## [Activity]
Where a line of the records contains the word "source", show that line.

## [Stored data]
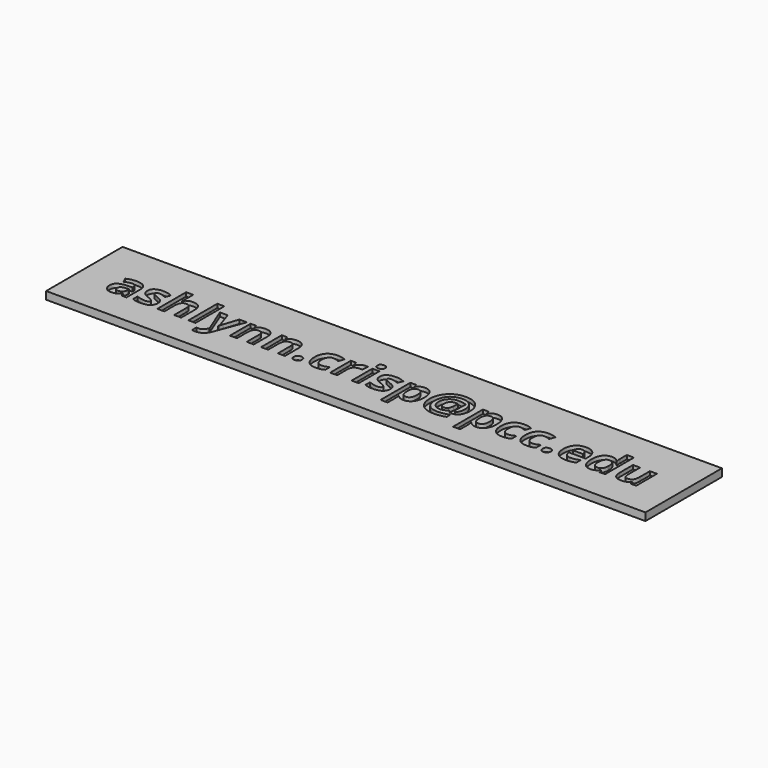
from build123d import *

# Parameters (mm, degrees)
F0_W         = 78
F0_H         = 12.4420574262
F0_W_2       = 0.9186807134
F0_H_2       = 3.3681746196
F0_H_3       = 4.6878744061
F0_TEXT_SIZE = 6.169524203
F1_DEPTH     = 1
F2_DEPTH     = 0.5


# Not quite as in the source:
# - Text() gives the source's letters only with a copy of the font that has no kerning and outlines rounded to 1/6400 em; it was checked with that copy


with BuildPart() as f1:
    # F0 (on Top) → F1 (new body)
    with BuildSketch(Plane.XY):
        with Locations((0, 2.2210287131)):
            Rectangle(F0_W, F0_H)
        with BuildLine():
            Line((-31.7378640777, 0), (-32.3789162019, 0))
            Line((-32.3789162019, 0), (-32.5572540109, 0.4578943744))
            Line((-32.5572540109, 0.4578943744), (-32.5813537148, 0.4578943744))
            add(Edge.make_bspline(
                [(-32.5813537148, 0.4578943744), (-32.8127108724, 0.165805963), (-33.0585278524, 0.0525373545)],
                knots=[0, 0, 0, 1, 1, 1], degree=2))
            add(Edge.make_bspline(
                [(-33.0585278524, 0.0525373545), (-33.3043448323, -0.0607312539), (-33.6986159884, -0.0607312539)],
                knots=[0, 0, 0, 1, 1, 1], degree=2))
            add(Edge.make_bspline(
                [(-33.6986159884, -0.0607312539), (-34.1835020313, -0.0607312539), (-34.4620946086, 0.2168973353)],
                knots=[0, 0, 0, 1, 1, 1], degree=2))
            add(Edge.make_bspline(
                [(-34.4620946086, 0.2168973353), (-34.7406871858, 0.4945259244), (-34.7406871858, 1.0064036356)],
                knots=[0, 0, 0, 1, 1, 1], degree=2))
            add(Edge.make_bspline(
                [(-34.7406871858, 1.0064036356), (-34.7406871858, 1.5423810507), (-34.3656957929, 1.7968739241)],
                knots=[0, 0, 0, 1, 1, 1], degree=2))
            add(Edge.make_bspline(
                [(-34.3656957929, 1.7968739241), (-33.9907043999, 2.0513667975), (-33.2349376851, 2.0783584659)],
                knots=[0, 0, 0, 1, 1, 1], degree=2))
            Line((-33.2349376851, 2.0783584659), (-32.6497968739, 2.0966742409))
            Line((-32.6497968739, 2.0966742409), (-32.6497968739, 2.2441644288))
            add(Edge.make_bspline(
                [(-32.6497968739, 2.2441644288), (-32.6497968739, 2.7560421401), (-33.1742064312, 2.7560421401)],
                knots=[0, 0, 0, 1, 1, 1], degree=2))
            add(Edge.make_bspline(
                [(-33.1742064312, 2.7560421401), (-33.5781174688, 2.7560421401), (-34.1237347655, 2.5121531364)],
                knots=[0, 0, 0, 1, 1, 1], degree=2))
            Line((-34.1237347655, 2.5121531364), (-34.4273910349, 3.1329615093))
            add(Edge.make_bspline(
                [(-34.4273910349, 3.1329615093), (-33.8461061764, 3.4375817669), (-33.1385388694, 3.4375817669)],
                knots=[0, 0, 0, 1, 1, 1], degree=2))
            add(Edge.make_bspline(
                [(-33.1385388694, 3.4375817669), (-32.4608551952, 3.4375817669), (-32.0993596364, 3.1421193968)],
                knots=[0, 0, 0, 1, 1, 1], degree=2))
            add(Edge.make_bspline(
                [(-32.0993596364, 3.1421193968), (-31.7378640777, 2.8466570268), (-31.7378640777, 2.2441644288)],
                knots=[0, 0, 0, 1, 1, 1], degree=2))
            Line((-31.7378640777, 2.2441644288), (-31.7378640777, 0))
        make_face(mode=Mode.SUBTRACT)
        with BuildLine():
            add(Edge.make_bspline(
                [(-28.528747504, 1.4310404186), (-28.4410245817, 1.2502926393), (-28.4410245817, 1.0006197067)],
                knots=[0, 0, 0, 1, 1, 1], degree=2))
            add(Edge.make_bspline(
                [(-28.4410245817, 1.0006197067), (-28.4410245817, 0.4819940784), (-28.8010741582, 0.2106314122)],
                knots=[0, 0, 0, 1, 1, 1], degree=2))
            add(Edge.make_bspline(
                [(-28.8010741582, 0.2106314122), (-29.1611237348, -0.0607312539), (-29.8783309234, -0.0607312539)],
                knots=[0, 0, 0, 1, 1, 1], degree=2))
            add(Edge.make_bspline(
                [(-29.8783309234, -0.0607312539), (-30.2456104111, -0.0607312539), (-30.5049232252, -0.0106038697)],
                knots=[0, 0, 0, 1, 1, 1], degree=2))
            add(Edge.make_bspline(
                [(-30.5049232252, -0.0106038697), (-30.7642360394, 0.0395235144), (-30.9898092681, 0.1359223301)],
                knots=[0, 0, 0, 1, 1, 1], degree=2))
            Line((-30.9898092681, 0.1359223301), (-30.9898092681, 0.8945810094))
            add(Edge.make_bspline(
                [(-30.9898092681, 0.8945810094), (-30.7343524065, 0.7740824898), (-30.4133443503, 0.6926254906)],
                knots=[0, 0, 0, 1, 1, 1], degree=2))
            add(Edge.make_bspline(
                [(-30.4133443503, 0.6926254906), (-30.0923362942, 0.6111684914), (-29.8484472905, 0.6111684914)],
                knots=[0, 0, 0, 1, 1, 1], degree=2))
            add(Edge.make_bspline(
                [(-29.8484472905, 0.6111684914), (-29.3481374372, 0.6111684914), (-29.3481374372, 0.9003649384)],
                knots=[0, 0, 0, 1, 1, 1], degree=2))
            add(Edge.make_bspline(
                [(-29.3481374372, 0.9003649384), (-29.3481374372, 1.0092956001), (-29.41465262, 1.0772567651)],
                knots=[0, 0, 0, 1, 1, 1], degree=2))
            add(Edge.make_bspline(
                [(-29.41465262, 1.0772567651), (-29.4811678028, 1.1452179302), (-29.6435998072, 1.2310128761)],
                knots=[0, 0, 0, 1, 1, 1], degree=2))
            add(Edge.make_bspline(
                [(-29.6435998072, 1.2310128761), (-29.8060318116, 1.3168078221), (-30.0769124836, 1.4305584246)],
                knots=[0, 0, 0, 1, 1, 1], degree=2))
            add(Edge.make_bspline(
                [(-30.0769124836, 1.4305584246), (-30.4653997108, 1.5934724231), (-30.6480754665, 1.7322867176)],
                knots=[0, 0, 0, 1, 1, 1], degree=2))
            add(Edge.make_bspline(
                [(-30.6480754665, 1.7322867176), (-30.8307512222, 1.8711010122), (-30.9131722096, 2.0504028093)],
                knots=[0, 0, 0, 1, 1, 1], degree=2))
            add(Edge.make_bspline(
                [(-30.9131722096, 2.0504028093), (-30.995593197, 2.2297046065), (-30.995593197, 2.490945397)],
                knots=[0, 0, 0, 1, 1, 1], degree=2))
            add(Edge.make_bspline(
                [(-30.995593197, 2.490945397), (-30.995593197, 2.940163878), (-30.6480754665, 3.1854988639)],
                knots=[0, 0, 0, 1, 1, 1], degree=2))
            add(Edge.make_bspline(
                [(-30.6480754665, 3.1854988639), (-30.300557736, 3.4308338498), (-29.6614335881, 3.4308338498)],
                knots=[0, 0, 0, 1, 1, 1], degree=2))
            add(Edge.make_bspline(
                [(-29.6614335881, 3.4308338498), (-29.0531570612, 3.4308338498), (-28.4776561317, 3.1657371067)],
                knots=[0, 0, 0, 1, 1, 1], degree=2))
            Line((-28.4776561317, 3.1657371067), (-28.7543207326, 2.503477243))
            add(Edge.make_bspline(
                [(-28.7543207326, 2.503477243), (-29.0078496178, 2.6114439165), (-29.2276389176, 2.6808510638)],
                knots=[0, 0, 0, 1, 1, 1], degree=2))
            add(Edge.make_bspline(
                [(-29.2276389176, 2.6808510638), (-29.4474282173, 2.7502582111), (-29.6768573986, 2.7502582111)],
                knots=[0, 0, 0, 1, 1, 1], degree=2))
            add(Edge.make_bspline(
                [(-29.6768573986, 2.7502582111), (-30.0836604007, 2.7502582111), (-30.0836604007, 2.5304689114)],
                knots=[0, 0, 0, 1, 1, 1], degree=2))
            add(Edge.make_bspline(
                [(-30.0836604007, 2.5304689114), (-30.0836604007, 2.4070784273), (-29.9525580114, 2.3164635406)],
                knots=[0, 0, 0, 1, 1, 1], degree=2))
            add(Edge.make_bspline(
                [(-29.9525580114, 2.3164635406), (-29.8214556221, 2.2258486539), (-29.37802107, 2.048474833)],
                knots=[0, 0, 0, 1, 1, 1], degree=2))
            add(Edge.make_bspline(
                [(-29.37802107, 2.048474833), (-28.9837499139, 1.888452799), (-28.8001101701, 1.7501204985)],
                knots=[0, 0, 0, 1, 1, 1], degree=2))
            add(Edge.make_bspline(
                [(-28.8001101701, 1.7501204985), (-28.6164704262, 1.611788198), (-28.528747504, 1.4310404186)],
                knots=[0, 0, 0, 1, 1, 1], degree=2))
        make_face(mode=Mode.SUBTRACT)
        with BuildLine():
            Line((-20.9315568409, 0.0240997039), (-22.2695724024, 3.3681746196))
            Line((-22.2695724024, 3.3681746196), (-21.2631687668, 3.3681746196))
            Line((-21.2631687668, 3.3681746196), (-20.6279005715, 1.4729739035))
            add(Edge.make_bspline(
                [(-20.6279005715, 1.4729739035), (-20.5459615782, 1.2261929353), (-20.5160779453, 0.8887970805)],
                knots=[0, 0, 0, 1, 1, 1], degree=2))
            Line((-20.5160779453, 0.8887970805), (-20.4977621704, 0.8887970805))
            add(Edge.make_bspline(
                [(-20.4977621704, 0.8887970805), (-20.464986573, 1.199201267), (-20.3685877574, 1.4729739035)],
                knots=[0, 0, 0, 1, 1, 1], degree=2))
            Line((-20.3685877574, 1.4729739035), (-19.74488742, 3.3681746196))
            Line((-19.74488742, 3.3681746196), (-18.7596915238, 3.3681746196))
            Line((-18.7596915238, 3.3681746196), (-20.1844660194, -0.4309027061))
            add(Edge.make_bspline(
                [(-20.1844660194, -0.4309027061), (-20.3811196034, -0.9582042278), (-20.7440611444, -1.2204090064)],
                knots=[0, 0, 0, 1, 1, 1], degree=2))
            add(Edge.make_bspline(
                [(-20.7440611444, -1.2204090064), (-21.1070026854, -1.482613785), (-21.5918887282, -1.482613785)],
                knots=[0, 0, 0, 1, 1, 1], degree=2))
            add(Edge.make_bspline(
                [(-21.5918887282, -1.482613785), (-21.8299938029, -1.482613785), (-22.0584589961, -1.4305584246)],
                knots=[0, 0, 0, 1, 1, 1], degree=2))
            Line((-22.0584589961, -1.4305584246), (-22.0584589961, -0.7017833781))
            add(Edge.make_bspline(
                [(-22.0584589961, -0.7017833781), (-21.8926530331, -0.7413068925), (-21.6969634373, -0.7413068925)],
                knots=[0, 0, 0, 1, 1, 1], degree=2))
            add(Edge.make_bspline(
                [(-21.6969634373, -0.7413068925), (-21.4530744337, -0.7413068925), (-21.270880672, -0.5918887282)],
                knots=[0, 0, 0, 1, 1, 1], degree=2))
            add(Edge.make_bspline(
                [(-21.270880672, -0.5918887282), (-21.0886869104, -0.4424705639), (-20.9865041658, -0.141706259)],
                knots=[0, 0, 0, 1, 1, 1], degree=2))
            Line((-20.9865041658, -0.141706259), (-20.9315568409, 0.0240997039))
        make_face(mode=Mode.SUBTRACT)
        with BuildLine():
            add(Edge.make_bspline(
                [(-10.1594711836, 0.0530193486), (-10.2978034841, 0.1870137024), (-10.2978034841, 0.4309027061)],
                knots=[0, 0, 0, 1, 1, 1], degree=2))
            add(Edge.make_bspline(
                [(-10.2978034841, 0.4309027061), (-10.2978034841, 0.6834676031), (-10.1623631481, 0.8131240102)],
                knots=[0, 0, 0, 1, 1, 1], degree=2))
            add(Edge.make_bspline(
                [(-10.1623631481, 0.8131240102), (-10.0269228121, 0.9427804173), (-9.7676099979, 0.9427804173)],
                knots=[0, 0, 0, 1, 1, 1], degree=2))
            add(Edge.make_bspline(
                [(-9.7676099979, 0.9427804173), (-9.5179370653, 0.9427804173), (-9.3810507471, 0.8102320457)],
                knots=[0, 0, 0, 1, 1, 1], degree=2))
            add(Edge.make_bspline(
                [(-9.3810507471, 0.8102320457), (-9.2441644288, 0.6776836742), (-9.2441644288, 0.4309027061)],
                knots=[0, 0, 0, 1, 1, 1], degree=2))
            add(Edge.make_bspline(
                [(-9.2441644288, 0.4309027061), (-9.2441644288, 0.1927976313), (-9.3824967293, 0.0559113131)],
                knots=[0, 0, 0, 1, 1, 1], degree=2))
            add(Edge.make_bspline(
                [(-9.3824967293, 0.0559113131), (-9.5208290298, -0.0809750052), (-9.7676099979, -0.0809750052)],
                knots=[0, 0, 0, 1, 1, 1], degree=2))
            add(Edge.make_bspline(
                [(-9.7676099979, -0.0809750052), (-10.0211388832, -0.0809750052), (-10.1594711836, 0.0530193486)],
                knots=[0, 0, 0, 1, 1, 1], degree=2))
        make_face(mode=Mode.SUBTRACT)
        with BuildLine():
            Line((-15.16883564, 2.195965021), (-15.16883564, 0))
            Line((-15.16883564, 0), (-16.0875163534, 0))
            Line((-16.0875163534, 0), (-16.0875163534, 1.9674998279))
            add(Edge.make_bspline(
                [(-16.0875163534, 1.9674998279), (-16.0875163534, 2.3318873511), (-16.2171727604, 2.5140811127)],
                knots=[0, 0, 0, 1, 1, 1], degree=2))
            add(Edge.make_bspline(
                [(-16.2171727604, 2.5140811127), (-16.3468291675, 2.6962748743), (-16.6302416856, 2.6962748743)],
                knots=[0, 0, 0, 1, 1, 1], degree=2))
            add(Edge.make_bspline(
                [(-16.6302416856, 2.6962748743), (-17.0158369483, 2.6962748743), (-17.1874268402, 2.4388900365)],
                knots=[0, 0, 0, 1, 1, 1], degree=2))
            add(Edge.make_bspline(
                [(-17.1874268402, 2.4388900365), (-17.3590167321, 2.1815051987), (-17.3590167321, 1.5847965296)],
                knots=[0, 0, 0, 1, 1, 1], degree=2))
            Line((-17.3590167321, 1.5847965296), (-17.3590167321, 0))
            Line((-17.3590167321, 0), (-18.2776974454, 0))
            Line((-18.2776974454, 0), (-18.2776974454, 3.3681746196))
            Line((-18.2776974454, 3.3681746196), (-17.5759140673, 3.3681746196))
            Line((-17.5759140673, 3.3681746196), (-17.4525235833, 2.9372719135))
            Line((-17.4525235833, 2.9372719135), (-17.401432211, 2.9372719135))
            add(Edge.make_bspline(
                [(-17.401432211, 2.9372719135), (-17.2471941059, 3.1811609172), (-16.9777594161, 3.3059973835)],
                knots=[0, 0, 0, 1, 1, 1], degree=2))
            add(Edge.make_bspline(
                [(-16.9777594161, 3.3059973835), (-16.7083247263, 3.4308338498), (-16.3651449425, 3.4308338498)],
                knots=[0, 0, 0, 1, 1, 1], degree=2))
            add(Edge.make_bspline(
                [(-16.3651449425, 3.4308338498), (-15.7771121669, 3.4308338498), (-15.4729739035, 3.1131997521)],
                knots=[0, 0, 0, 1, 1, 1], degree=2))
            add(Edge.make_bspline(
                [(-15.4729739035, 3.1131997521), (-15.16883564, 2.7955656545), (-15.16883564, 2.195965021)],
                knots=[0, 0, 0, 1, 1, 1], degree=2))
        make_face(mode=Mode.SUBTRACT)
        with BuildLine():
            Line((-11.1143014529, 2.195965021), (-11.1143014529, 0))
            Line((-11.1143014529, 0), (-12.0329821662, 0))
            Line((-12.0329821662, 0), (-12.0329821662, 1.9674998279))
            add(Edge.make_bspline(
                [(-12.0329821662, 1.9674998279), (-12.0329821662, 2.3318873511), (-12.1626385733, 2.5140811127)],
                knots=[0, 0, 0, 1, 1, 1], degree=2))
            add(Edge.make_bspline(
                [(-12.1626385733, 2.5140811127), (-12.2922949804, 2.6962748743), (-12.5757074985, 2.6962748743)],
                knots=[0, 0, 0, 1, 1, 1], degree=2))
            add(Edge.make_bspline(
                [(-12.5757074985, 2.6962748743), (-12.9613027611, 2.6962748743), (-13.132892653, 2.4388900365)],
                knots=[0, 0, 0, 1, 1, 1], degree=2))
            add(Edge.make_bspline(
                [(-13.132892653, 2.4388900365), (-13.3044825449, 2.1815051987), (-13.3044825449, 1.5847965296)],
                knots=[0, 0, 0, 1, 1, 1], degree=2))
            Line((-13.3044825449, 1.5847965296), (-13.3044825449, 0))
            Line((-13.3044825449, 0), (-14.2231632583, 0))
            Line((-14.2231632583, 0), (-14.2231632583, 3.3681746196))
            Line((-14.2231632583, 3.3681746196), (-13.5213798802, 3.3681746196))
            Line((-13.5213798802, 3.3681746196), (-13.3979893961, 2.9372719135))
            Line((-13.3979893961, 2.9372719135), (-13.3468980238, 2.9372719135))
            add(Edge.make_bspline(
                [(-13.3468980238, 2.9372719135), (-13.1926599187, 3.1811609172), (-12.9232252289, 3.3059973835)],
                knots=[0, 0, 0, 1, 1, 1], degree=2))
            add(Edge.make_bspline(
                [(-12.9232252289, 3.3059973835), (-12.6537905391, 3.4308338498), (-12.3106107554, 3.4308338498)],
                knots=[0, 0, 0, 1, 1, 1], degree=2))
            add(Edge.make_bspline(
                [(-12.3106107554, 3.4308338498), (-11.7225779798, 3.4308338498), (-11.4184397163, 3.1131997521)],
                knots=[0, 0, 0, 1, 1, 1], degree=2))
            add(Edge.make_bspline(
                [(-11.4184397163, 3.1131997521), (-11.1143014529, 2.7955656545), (-11.1143014529, 2.195965021)],
                knots=[0, 0, 0, 1, 1, 1], degree=2))
        make_face(mode=Mode.SUBTRACT)
        with BuildLine():
            add(Edge.make_bspline(
                [(-6.4678785375, -0.006265923), (-6.6953797425, -0.0607312539), (-7.0414514907, -0.0607312539)],
                knots=[0, 0, 0, 1, 1, 1], degree=2))
            add(Edge.make_bspline(
                [(-7.0414514907, -0.0607312539), (-8.6137161743, -0.0607312539), (-8.6137161743, 1.6657715348)],
                knots=[0, 0, 0, 1, 1, 1], degree=2))
            add(Edge.make_bspline(
                [(-8.6137161743, 1.6657715348), (-8.6137161743, 2.5246849824), (-8.1861874268, 2.9777594161)],
                knots=[0, 0, 0, 1, 1, 1], degree=2))
            add(Edge.make_bspline(
                [(-8.1861874268, 2.9777594161), (-7.7586586793, 3.4308338498), (-6.9604764856, 3.4308338498)],
                knots=[0, 0, 0, 1, 1, 1], degree=2))
            add(Edge.make_bspline(
                [(-6.9604764856, 3.4308338498), (-6.3762996626, 3.4308338498), (-5.9116573711, 3.2023686566)],
                knots=[0, 0, 0, 1, 1, 1], degree=2))
            Line((-5.9116573711, 3.2023686566), (-6.1835020313, 2.490945397))
            add(Edge.make_bspline(
                [(-6.1835020313, 2.490945397), (-6.4003993665, 2.5786683192), (-6.5869310748, 2.6345796323)],
                knots=[0, 0, 0, 1, 1, 1], degree=2))
            add(Edge.make_bspline(
                [(-6.5869310748, 2.6345796323), (-6.7734627832, 2.6904909454), (-6.9604764856, 2.6904909454)],
                knots=[0, 0, 0, 1, 1, 1], degree=2))
            add(Edge.make_bspline(
                [(-6.9604764856, 2.6904909454), (-7.6776836742, 2.6904909454), (-7.6776836742, 1.6715554637)],
                knots=[0, 0, 0, 1, 1, 1], degree=2))
            add(Edge.make_bspline(
                [(-7.6776836742, 1.6715554637), (-7.6776836742, 0.6834676031), (-6.9604764856, 0.6834676031)],
                knots=[0, 0, 0, 1, 1, 1], degree=2))
            add(Edge.make_bspline(
                [(-6.9604764856, 0.6834676031), (-6.6953797425, 0.6834676031), (-6.4693245197, 0.7543207326)],
                knots=[0, 0, 0, 1, 1, 1], degree=2))
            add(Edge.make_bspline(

## [Answer section]
# Not quite as in the source:
# - Text() gives the source's letters only with a copy of the font that has no kerning and outlines rounded to 1/6400 em; it was checked with that copy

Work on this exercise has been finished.